Australia’s gas producers and the manufacturing sectors that rely on the local supply of gas must be working together for the national good, a Director from the Plastics & Chemicals Industries Association (PACIA) said on Wednesday.
Speaking ahead of the Eastern Australia’s Energy Markets Outlook 2013 Conference in Sydney, PACIA’s Director of Strategy and Innovation Peter Bury said the gas producers should not see their LNG exports as coming at the expense of Australian manufacturers, and likewise manufacturers shouldn’t see themselves as viable only if gas producers didn’t export LNG.
“There’s a broader national interest that should come out of this debate,” said Mr Bury, quoted in a media release from PACIA. “Viable manufacturing and profitable gas production are complimentary goals.”
The policy on gas has not adjusted to the “tectonic changes” in the market said Bury and has caused sectors like the chemicals and plastics industries to suffer.
“In the absence of an effective policy there is no marketing competition in the major gas basins, which affects price and supply.
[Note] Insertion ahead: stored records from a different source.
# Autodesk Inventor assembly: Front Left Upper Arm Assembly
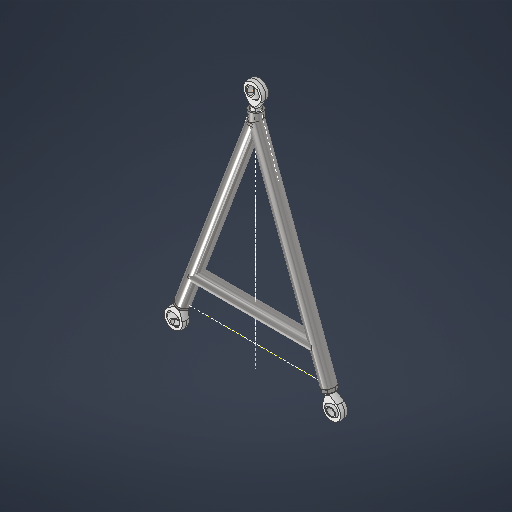
[picture p0: Inventor's stored thumbnail of the model, 512x512]
Saved by Autodesk Inventor 2026.1 (Build 301233000, 233)
## iProperties
Created: 2026-07-08
Part Number: Front Left Upper Arm Assembly
Document SubType Name: Assembly
Designer: share
_SolveAssemblyDoc: Frame Generator Solve Assembly
_Version: 15.0.0
Author: share
## iProperties of the stored document MemberDocs/xIow4bf5tKs1rnmvdSscz5bf5Xe
Created: 2026-07-08
Part Number: Front Left Upper Arm Assembly
Document SubType Name: Assembly
Designer: share
_SolveAssemblyDoc: Frame Generator Solve Assembly
_Version: 15.0.0
Author: share
## iProperties of the stored document MemberDocs/x3busjfcqDcewfwirL2nfthnpPh
_SolveAssemblyDoc: Frame Generator Solve Assembly
_Version: 15.0.0
Created: 2026-07-08
Part Number: Front Left Upper Arm Assembly
Document SubType Name: Assembly
Designer: share
Author: share
## iProperties of the stored document MemberDocs/xJhbfjznsAcrda2x4Ownp1f2uDd
Created: 2026-07-08
Part Number: Front Left Upper Arm Assembly
Document SubType Name: Assembly
Designer: share
_SolveAssemblyDoc: Frame Generator Solve Assembly
_Version: 15.0.0
Author: share
## iProperties of the stored document MemberDocs/xOvykjulhN0jdcosyVem1lpf5Qf
Created: 2026-07-08
Part Number: Front Left Upper Arm Assembly
Document SubType Name: Assembly
Designer: share
_SolveAssemblyDoc: Frame Generator Solve Assembly
_Version: 15.0.0
Author: share
## Documents named in this file (7)
- C:\Users\share\OneDrive\Documents\Personal Projects\GOGO Kart\CAD\GOGO_KART_FSAE\Suspension\Suspension Arms\Front Left\Front Left Lower Arm Assembly.iam
- C:\Users\share\OneDrive\Documents\Personal Projects\GOGO Kart\CAD\GOGO_KART_FSAE\Suspension\Suspension Arms\Arm_Outline_Sketch.ipt
- C:\Users\share\OneDrive\Documents\Personal Projects\GOGO Kart\CAD\GOGO_KART_FSAE\Suspension\Suspension Arms\Suspension Arm Assembly\Frame\Frame 1783539100150.iam
- C:\Users\share\OneDrive\Documents\Inventor\Content Center Files\R2026\en-US\ISO 8675(2)\ISO 8675 - M12 x 1.5 - ISO.ipt
- C:\Users\share\OneDrive\Documents\Personal Projects\GOGO Kart\CAD\GOGO_KART_FSAE\Rod Ends\5-8 Rod End\Suspension Rod Ends\Front Left\Lower\5-8 Rod End Assembly-Lower-FL-LF.iam
- C:\Users\share\OneDrive\Documents\Personal Projects\GOGO Kart\CAD\GOGO_KART_FSAE\Rod Ends\5-8 Rod End\Suspension Rod Ends\Front Left\Lower\5-8 Rod End Assembly-Lower-FL-LR.iam
- C:\Users\share\OneDrive\Documents\Personal Projects\GOGO Kart\CAD\GOGO_KART_FSAE\Rod Ends\5-8 Rod End\Suspension Rod Ends\Front Left\Lower\5-8 Rod End Assembly-Lower-FL-LOP.iam
## Components (8 placed, 6 different names)
1. Arm_Outline_Sketch:1 — Flush:1, Flush:2, Flush:3, Mate:1, Mate:2, Mate:3, Mate:4, Mate:5, Mate:6, Mate:7, Mate:8, Mate:9
2. Frame 1783539100150:1 [sub-assembly] — Insert:1, Insert:2, Insert:3
3. ISO 8675 M12 x 1.5:1 — Insert:1
4. ISO 8675 M12 x 1.5:2 — Insert:2
5. ISO 8675 M12 x 1.5:3 — Insert:3
6. 5-8 Rod End Assembly-Lower-FL-LF:1 [sub-assembly] — Mate:1, Mate:2, Mate:3
7. 5-8 Rod End Assembly-Lower-FL-LR:1 [sub-assembly] — Mate:4, Mate:5, Mate:9
8. 5-8 Rod End Assembly-Lower-FL-LOP:1 [sub-assembly] — Mate:6, Mate:7, Mate:8
## Relationships (15: Mate 9, Insert 3, Flush 3)
- Insert:1: Frame 1783539100150:1 ↔ ISO 8675 M12 x 1.5:1
- Insert:2: Frame 1783539100150:1 ↔ ISO 8675 M12 x 1.5:2
- Insert:3: Frame 1783539100150:1 ↔ ISO 8675 M12 x 1.5:3
- Flush:1: Arm_Outline_Sketch:1
- Flush:2: Arm_Outline_Sketch:1
- Flush:3 (-88.788 mm): Arm_Outline_Sketch:1
- Mate:1: Arm_Outline_Sketch:1 ↔ 5-8 Rod End Assembly-Lower-FL-LF:1
- Mate:2: Arm_Outline_Sketch:1 ↔ 5-8 Rod End Assembly-Lower-FL-LF:1
- Mate:3: Arm_Outline_Sketch:1 ↔ 5-8 Rod End Assembly-Lower-FL-LF:1
- Mate:4: Arm_Outline_Sketch:1 ↔ 5-8 Rod End Assembly-Lower-FL-LR:1
- Mate:5: Arm_Outline_Sketch:1 ↔ 5-8 Rod End Assembly-Lower-FL-LR:1
- Mate:6: Arm_Outline_Sketch:1 ↔ 5-8 Rod End Assembly-Lower-FL-LOP:1
- Mate:7: Arm_Outline_Sketch:1 ↔ 5-8 Rod End Assembly-Lower-FL-LOP:1
- Mate:8: Arm_Outline_Sketch:1 ↔ 5-8 Rod End Assembly-Lower-FL-LOP:1
- Mate:9: Arm_Outline_Sketch:1 ↔ 5-8 Rod End Assembly-Lower-FL-LR:1
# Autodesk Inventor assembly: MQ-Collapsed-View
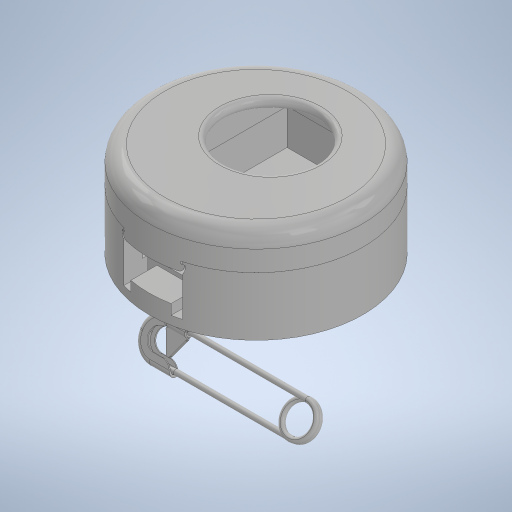
[picture p0: Inventor's stored thumbnail of the model, 512x512]
Saved by Autodesk Inventor 2023 (Build 270158000, 158)
## iProperties
Created: 2024-03-19
Part Number: MQ-Collapsed-View
Document SubType Name: Assembly
Designer: ongyu
Author: ongyu
## Documents named in this file (4)
- C:\Users\ongyu\OneDrive\Documents\Inventor\FYP\MQ-Shell\MQ-Collapsed-View.iam
- C:\Users\ongyu\OneDrive\Documents\Inventor\FYP\MQ-Shell\01 - MQ-Case-Btm.ipt
- C:\Users\ongyu\OneDrive\Documents\Inventor\FYP\MQ-Shell\02 - MQ-Case-Top.ipt
- C:\Users\ongyu\OneDrive\Documents\Inventor\FYP\MQ-Shell\05 - Safety-Pin.ipt
## Components (3 placed, 3 different names)
1. 01 - MQ-Case-Btm:1 — Flush:1, Mate:1, Flush:2, Insert:1, Mate:9
2. 02 - MQ-Case-Top:1 — Insert:1
3. 05 - Safety-Pin:1 — Mate:9, Flush:3
## Relationships (6: Flush 3, Mate 2, Insert 1)
- Flush:1: 01 - MQ-Case-Btm:1
- Mate:1: 01 - MQ-Case-Btm:1
- Flush:2: 01 - MQ-Case-Btm:1
- Insert:1: 01 - MQ-Case-Btm:1 ↔ 02 - MQ-Case-Top:1
- Mate:9 (15 mm): 01 - MQ-Case-Btm:1 ↔ 05 - Safety-Pin:1
- Flush:3: 05 - Safety-Pin:1

Without stable gas supplies at reasonable prices, Australia stands to lose major manufacturing infrastructure such as ammonia plants,” Mr. Bury said.
The chemicals and plastics industries make up 11.5 percent of Australian manufacturing and supply 109 of the country’s 111 industries. The sectors employ 60,000 people directly and contribute $11.6 billion to Australia’s GDP.
Mr. Bury said much of the focus has been placed on LNG exports and the value being delivered to the Australian economy by local gas users is being neglected. Chemicals and plastics not only use the gas for energy said the PACIA Director, but also as a ‘transformative’ agent which turns natural resource into fertilisers, polyethylene plastic and packaging.
A Prime Minister’s Task Force assigned to the Manufacturing industry in 2012 reported that many large manufacturers faced what is known as the ‘gas cliff’, a situation in which it is near-impossible to secure gas supply agreements beyond 2016. This is despite the fact that Australia still has 184 years worth of accessible gas supply.
Since the late 2000’s gas prices had risen by 70 percent and were predicted to escalate even more. The price per petajoule of gas has jumped from $3 to $8 in a few years and gas producers are hinting that it could possibly reach $12.
“Clearly the current market mechanisms – especially around supply certainty and price – are not working well,” said Mr Bury.
“Domestic manufacturers are subject to export parity pricing, which means we’re being asked to pay the contract price paid by North Asian importers, for an Australian resource.”
“We believe in a properly functioning regulated market, with all of the required components in place, over reservation. Manufacturers want gas producers to be profitable and financially viable as a long term industry – if LNG exports are a part of their profitability, that’s a good thing for Australian industry.”